Uma dona de casa, que nas suas lides domésticas descobre a riqueza e a força deste silêncio, pode ser contemplativa e fazer do dia uma contínua comunhão com o Senhor, várias horas santas na intimidade com Jesus, enquanto passa a ferro, faz as refeições, etc. Um lavrador, em contacto com a natureza, em cima do seu trator ou de enxada na mão, pode ser contemplativo se descobre Deus no seu coração e na natureza que o rodeia e está sempre no esforço amigo de maior comunhão. E assim por diante: o estudante, o médico, o empregado da fábrica, etc. Todos os cristãos que descobrem o valor do silêncio e os seus frutos, a “sua força”, não querem outra coisa, não pensam em viver de outro modo, não desejam mais nada. Estar com o Amado, no silêncio recolhido do coração, fazendo deserto na cidade.
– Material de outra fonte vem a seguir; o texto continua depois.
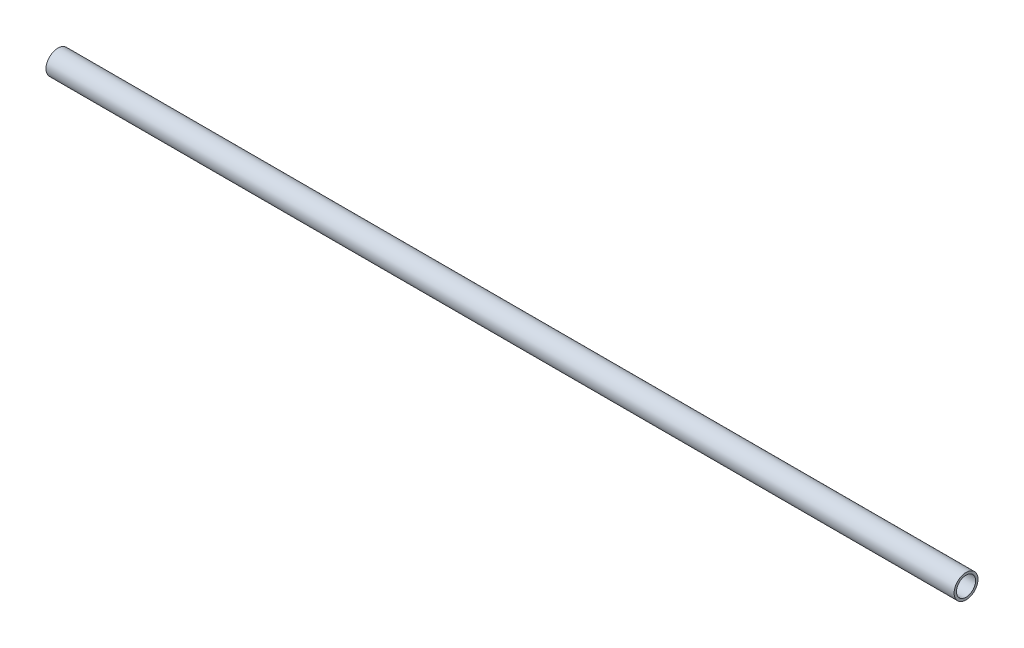
ISO-10303-21;
HEADER;
FILE_DESCRIPTION(('STEP AP214'),'2;1');
FILE_NAME('part.step','',(''),(''),'','','');
FILE_SCHEMA(('AUTOMOTIVE_DESIGN { 1 0 10303 214 1 1 1 1 }'));
ENDSEC;
DATA;
#1=APPLICATION_CONTEXT('core data for automotive mechanical design processes');
#2=APPLICATION_PROTOCOL_DEFINITION('international standard','automotive_design',2000,#1);
#3=PRODUCT_CONTEXT('',#1,'mechanical');
#4=PRODUCT('Part','Part','',(#3));
#5=PRODUCT_RELATED_PRODUCT_CATEGORY('part','',(#4));
#6=PRODUCT_DEFINITION_FORMATION('','',#4);
#7=PRODUCT_DEFINITION_CONTEXT('part definition',#1,'design');
#8=PRODUCT_DEFINITION('design','',#6,#7);
#9=PRODUCT_DEFINITION_SHAPE('','',#8);
#10=(LENGTH_UNIT() NAMED_UNIT(*) SI_UNIT(.MILLI.,.METRE.));
#11=(NAMED_UNIT(*) PLANE_ANGLE_UNIT() SI_UNIT($,.RADIAN.));
#12=(NAMED_UNIT(*) SI_UNIT($,.STERADIAN.) SOLID_ANGLE_UNIT());
#13=UNCERTAINTY_MEASURE_WITH_UNIT(LENGTH_MEASURE(1.E-05),#10,'distance_accuracy_value','');
#14=(GEOMETRIC_REPRESENTATION_CONTEXT(3) GLOBAL_UNCERTAINTY_ASSIGNED_CONTEXT((#13)) GLOBAL_UNIT_ASSIGNED_CONTEXT((#10,
#11,#12)) REPRESENTATION_CONTEXT('',''));
#15=CARTESIAN_POINT('',(0.,0.,0.));
#16=DIRECTION('',(0.,0.,1.));
#17=DIRECTION('',(1.,0.,0.));
#18=AXIS2_PLACEMENT_3D('',#15,#16,#17);
#19=CARTESIAN_POINT('',(95.,0.,0.));
#20=DIRECTION('',(1.,0.,0.));
#21=DIRECTION('',(0.,0.,-1.));
#22=AXIS2_PLACEMENT_3D('',#19,#20,#21);
#23=PLANE('',#22);
#24=CARTESIAN_POINT('',(95.,0.,0.));
#25=DIRECTION('',(1.,0.,0.));
#26=DIRECTION('',(0.,0.,-1.));
#27=AXIS2_PLACEMENT_3D('',#24,#25,#26);
#28=CIRCLE('',#27,2.5);
#29=CARTESIAN_POINT('',(95.,0.,-2.5));
#30=VERTEX_POINT('',#29);
#31=EDGE_CURVE('E10',#30,#30,#28,.T.);
#32=ORIENTED_EDGE('',*,*,#31,.T.);
#33=EDGE_LOOP('',(#32));
#34=FACE_BOUND('',#33,.T.);
#35=CARTESIAN_POINT('',(95.,0.,0.));
#36=DIRECTION('',(1.,0.,0.));
#37=DIRECTION('',(0.,0.,-1.));
#38=AXIS2_PLACEMENT_3D('',#35,#36,#37);
#39=CIRCLE('',#38,2.);
#40=CARTESIAN_POINT('',(95.,0.,-2.));
#41=VERTEX_POINT('',#40);
#42=EDGE_CURVE('E42',#41,#41,#39,.T.);
#43=ORIENTED_EDGE('',*,*,#42,.F.);
#44=EDGE_LOOP('',(#43));
#45=FACE_BOUND('',#44,.T.);
#46=ADVANCED_FACE('F31',(#34,#45),#23,.T.);
#47=CARTESIAN_POINT('',(-95.,0.,0.));
#48=DIRECTION('',(1.,0.,0.));
#49=DIRECTION('',(0.,0.,-1.));
#50=AXIS2_PLACEMENT_3D('',#47,#48,#49);
#51=PLANE('',#50);
#52=CARTESIAN_POINT('',(-95.,0.,0.));
#53=DIRECTION('',(1.,0.,0.));
#54=DIRECTION('',(0.,0.,-1.));
#55=AXIS2_PLACEMENT_3D('',#52,#53,#54);
#56=CIRCLE('',#55,2.5);
#57=CARTESIAN_POINT('',(-95.,0.,-2.5));
#58=VERTEX_POINT('',#57);
#59=EDGE_CURVE('E35',#58,#58,#56,.T.);
#60=ORIENTED_EDGE('',*,*,#59,.F.);
#61=EDGE_LOOP('',(#60));
#62=FACE_BOUND('',#61,.T.);
#63=CARTESIAN_POINT('',(-95.,0.,0.));
#64=DIRECTION('',(1.,0.,0.));
#65=DIRECTION('',(0.,0.,-1.));
#66=AXIS2_PLACEMENT_3D('',#63,#64,#65);
#67=CIRCLE('',#66,2.);
#68=CARTESIAN_POINT('',(-95.,0.,-2.));
#69=VERTEX_POINT('',#68);
#70=EDGE_CURVE('E44',#69,#69,#67,.T.);
#71=ORIENTED_EDGE('',*,*,#70,.T.);
#72=EDGE_LOOP('',(#71));
#73=FACE_BOUND('',#72,.T.);
#74=ADVANCED_FACE('F54',(#62,#73),#51,.F.);
#75=CARTESIAN_POINT('',(95.,0.,0.));
#76=DIRECTION('',(-1.,0.,0.));
#77=DIRECTION('',(0.,0.,1.));
#78=AXIS2_PLACEMENT_3D('',#75,#76,#77);
#79=CYLINDRICAL_SURFACE('',#78,2.5);
#80=ORIENTED_EDGE('',*,*,#31,.F.);
#81=EDGE_LOOP('',(#80));
#82=FACE_BOUND('',#81,.T.);
#83=ORIENTED_EDGE('',*,*,#59,.T.);
#84=EDGE_LOOP('',(#83));
#85=FACE_BOUND('',#84,.T.);
#86=ADVANCED_FACE('F33',(#82,#85),#79,.T.);
#87=CARTESIAN_POINT('',(95.,0.,0.));
#88=DIRECTION('',(-1.,0.,0.));
#89=DIRECTION('',(0.,0.,1.));
#90=AXIS2_PLACEMENT_3D('',#87,#88,#89);
#91=CYLINDRICAL_SURFACE('',#90,2.);
#92=ORIENTED_EDGE('',*,*,#42,.T.);
#93=EDGE_LOOP('',(#92));
#94=FACE_BOUND('',#93,.T.);
#95=ORIENTED_EDGE('',*,*,#70,.F.);
#96=EDGE_LOOP('',(#95));
#97=FACE_BOUND('',#96,.T.);
#98=ADVANCED_FACE('F50',(#94,#97),#91,.F.);
#99=CLOSED_SHELL('',(#46,#74,#86,#98));
#100=MANIFOLD_SOLID_BREP('B2',#99);
#101=ADVANCED_BREP_SHAPE_REPRESENTATION('',(#18,#100),#14);
#102=SHAPE_DEFINITION_REPRESENTATION(#9,#101);
ENDSEC;
END-ISO-10303-21;

E parece que a vida se torna mais serena, mais feliz, mais alegre, mais pacífica, mais fecunda em dom e em graça, sobretudo na ação apostólica. E o Espírito que está no coração de cada um e de cada uma, nos ajudará a descobrir a graça do deserto interior, a graça do silêncio fecundo, pois no encontro mais permanente com Deus somos mais fortes, mais evangélicos, mais cheios da graça que é dom que nos transforma.
O Espírito, através dessa experiência do “deserto na cidade”, com a “força do silêncio”, nos fará perceber que o mundo é presença do Deus Criador, é lugar sagrado, é lugar contínuo de comunhão com o amor do Pai. E tudo, mesmo o ruído e o barulho, nos pode levar até Ele.